Приготовить заправку для салата: нарубить ножом зелень (50 г шпината, 50 г базилика и 20 г мяты), а затем поместить их в чашу блендера. Туда же добавить 100 г сыра пармезана (предварительно немного измельченного), 1,5 ст. л. бальзамического уксуса и 3 ст. л. оливкового масла. Посолить, поперчить и измельчить блендером до получения однородного соуса. Полить им салат и еще раз осторожно перемешать.

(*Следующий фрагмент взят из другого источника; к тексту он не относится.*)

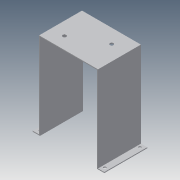
# Autodesk Inventor part: breaker mount
Saved by Autodesk Inventor 2014 (Build 180170000, 170)
## iProperties
Created: 2016-01-13
Part Number: breaker mount
Material: Generic
Document SubType Name: Modeling
Designer: Paul
Density: 1 g/cm^3
Appearance: Default
Author: Paul
Autodesk Inventor part; units mm, degrees
ref_plane "YZ Plane" through (0, 0, 0) normal (1, 0, 0) x (0, 1, 0)
ref_plane "XZ Plane" through (0, 0, 0) normal (0, 1, 0) x (-1, 0, 0)
ref_plane "XY Plane" through (0, 0, 0) normal (0, 0, 1) x (1, 0, 0)
sketch "Sketch1" plane through (0, 0, 0) normal (0, 0, 1) x (1, 0, 0)
  line L0 (-12.7, 0) -> (0, 0)
  line L1 (0, 0) -> (0, 152.4)
  line L2 (0, 152.4) -> (101.6, 152.4)
  line L3 (101.6, 152.4) -> (101.6, 0)
  line L4 (101.6, 0) -> (114.3, 0)
  line L5 (114.3, 1.524) -> (103.124, 1.524)
  line L6 (103.124, 1.524) -> (103.124, 153.924)
  line L7 (103.124, 153.924) -> (-1.524, 153.924)
  line L8 (-1.524, 153.924) -> (-1.524, 1.524)
  line L9 (-1.524, 1.524) -> (-12.7, 1.524)
  line L10 (-12.7, 1.524) -> (-12.7, 0)
  line L11 (114.3, 1.524) -> (114.3, 0)
  dimension "d0" = 152.4
  dimension "d1" = 101.6
  dimension "d3" = 12.7
  dimension "d4" = 12.7
  dimension "d5" = 1.524
  constraints: 24 end point, 5 parallel, 4 collinear, 3 perpendicular, 1 horizontal, 4 other
  measures "d0" distance of L0.end L1.end
  measures "d1" distance of L1.end L2.end
  measures "d3" distance of L3.end L4.end
  measures "d4" distance of L0.start L0.end
  measures "d5" distance between parallel lines of L9 L0
extrude "Extrusion1" add sketch "Sketch1" along normal blind 76.2
sketch "Sketch2" plane through (101.6, 0, 0) normal (0, -1, 0) x (1, 0, 0)
  line L0 (-101.6, 0) -> (-114.3, 0) projected
  line L1 (-101.6, 0) -> (-101.6, 76.2) projected
  line L2 (-114.3, 76.2) -> (-101.6, 76.2) projected
  line L3 (-114.3, 0) -> (-114.3, 76.2) projected
  point P0 (-107.95, 68.9797)
  point P1 (-107.95, 6.4717)
  point P2 (6.35, 68.9797)
  point P3 (6.35, 6.4717)
hole "Hole1" at (-6.35, 0, 68.9797) at (-6.35, 0, 6.4717) at (107.95, 0, 68.9797) at (107.95, 0, 6.4717) direction (0, 1, 0) diameter 4.826 depth 25.4 tip angle 118
sketch "Sketch3" plane through (-1.524, 153.924, 0) normal (0, 1, 0) x (1, 0, 0)
  line L0 (18.6116, -64.0053) -> (82.7466, -64.0053)
  line L1 (87.5091, -59.2428) -> (87.5091, -20.5078)
  line L2 (82.7466, -15.7453) -> (18.6116, -15.7453)
  line L3 (13.8491, -20.5078) -> (13.8491, -59.2428)
  arc A0 (13.8491, -59.2428) -> (18.6116, -64.0053) centre (18.6116, -59.2428) ccw
  arc A1 (18.6116, -15.7453) -> (13.8491, -20.5078) centre (18.6116, -20.5078) ccw
  arc A2 (87.5091, -20.5078) -> (82.7466, -15.7453) centre (82.7466, -20.5078) ccw
  arc A3 (82.7466, -64.0053) -> (87.5091, -59.2428) centre (82.7466, -59.2428) ccw
  circle A4 centre (23.3741, -54.4803) radius 3.175
  circle A5 centre (77.9841, -25.2703) radius 3.175
  point P0 (1.524, 0)
  point P1 (13.8491, -64.0053)
  point P2 (87.5091, -15.7453)
  point P3 (87.5091, -64.0053)
  point P4 (13.8491, -15.7453)
  dimension "d15" = 73.66
  dimension "d16" = 48.26
  dimension "d17" = 4.7625
  dimension "d18" = 6.35
  dimension "d19" = 6.35
  dimension "d20" = 9.525
  dimension "d21" = 9.525
  dimension "d22" = 9.525
  dimension "d23" = 9.525
  constraints: 8 end point, 8 point on circle, 8 point on line, 8 tangent, 6 centre point, 3 equal radius, 2 parallel, 1 horizontal, 1 perpendicular
  measures "d15" distance of point (13.849, -15.745) point (87.509, -15.745)
  measures "d16" distance of point (87.509, -15.745) point (87.509, -64.005)
  measures "d17" radius of A0
  measures "d18" diameter of A4
  measures "d19" diameter of A5
  measures "d20" distance from line of A4.centre L3
  measures "d21" distance from line of A4.centre L0
  measures "d22" distance from line of L1 A5.centre
  measures "d23" distance from line of A5.centre L2
extrude "Extrusion2" cut sketch "Sketch3" against normal blind 76.2 contours A4 | A5
body "Solid1"

Овсяная каша с арахисовым маслом
Для приготовления этого блюда необходимо смешать в неглубоком сотейнике 300 мл миндального молока и 250 мл воды. Поставить на плиту и на медленном огне довести до кипения. Добавить 200 г овсяной крупы и варить ее до полной готовности. За 2-3 минуты до предполагаемой готовности в кашу необходимо добавить 2 ст. л. арахисового масла и тщательно перемешать. Отдельно нарезать небольшими дольками 2 вымытых и очищенных от кожуры яблока. Добавить в овсянку яблоки, 1 ст. л. коричневого сахара. Хорошо перемешать. Выложить кашу в порционную тарелку. Сверху украсить любыми ягодами или орехами.
Рис с тофу и овощами
Нарезать на разделочной доске 250 г соевого сыра. Выложить его на застеленный пергаментной бумагой противень. Поставить в разогретую до 200°С и запекать в течение получаса. Пока готовится тофу, необходимо отварить в подсоленной воде 190 г коричневого риса и приготовить соус. Для него следует соединить в отдельной емкости 30 мл соевого соуса, 20 мл арахисового масла, 1 измельченный зубчик чеснока, 3 ст. л. коричневого сахара, 1 ч. л. кунжутного масла и 1 ч. л. соуса чили. Хорошо перемешать. Дать немного настояться. Вынуть тофу из духовки и полить его полученным соусом. Оставить мариноваться на 6-8 минут. Отдельно обжарить на сковороде 80 г зеленого горошка, 1 нарезанную мелкими кубиками морковь, 2 измельченных зубчика чеснока и 100 г нарезанного зеленого лука. Жарить овощи следует в течение 3-4 минут, периодически поливая соевым соусом (15 мл). К овощам добавить промытый рис и остатки соуса. Продолжать тушить еще 5-6 минут, постоянно помешивая.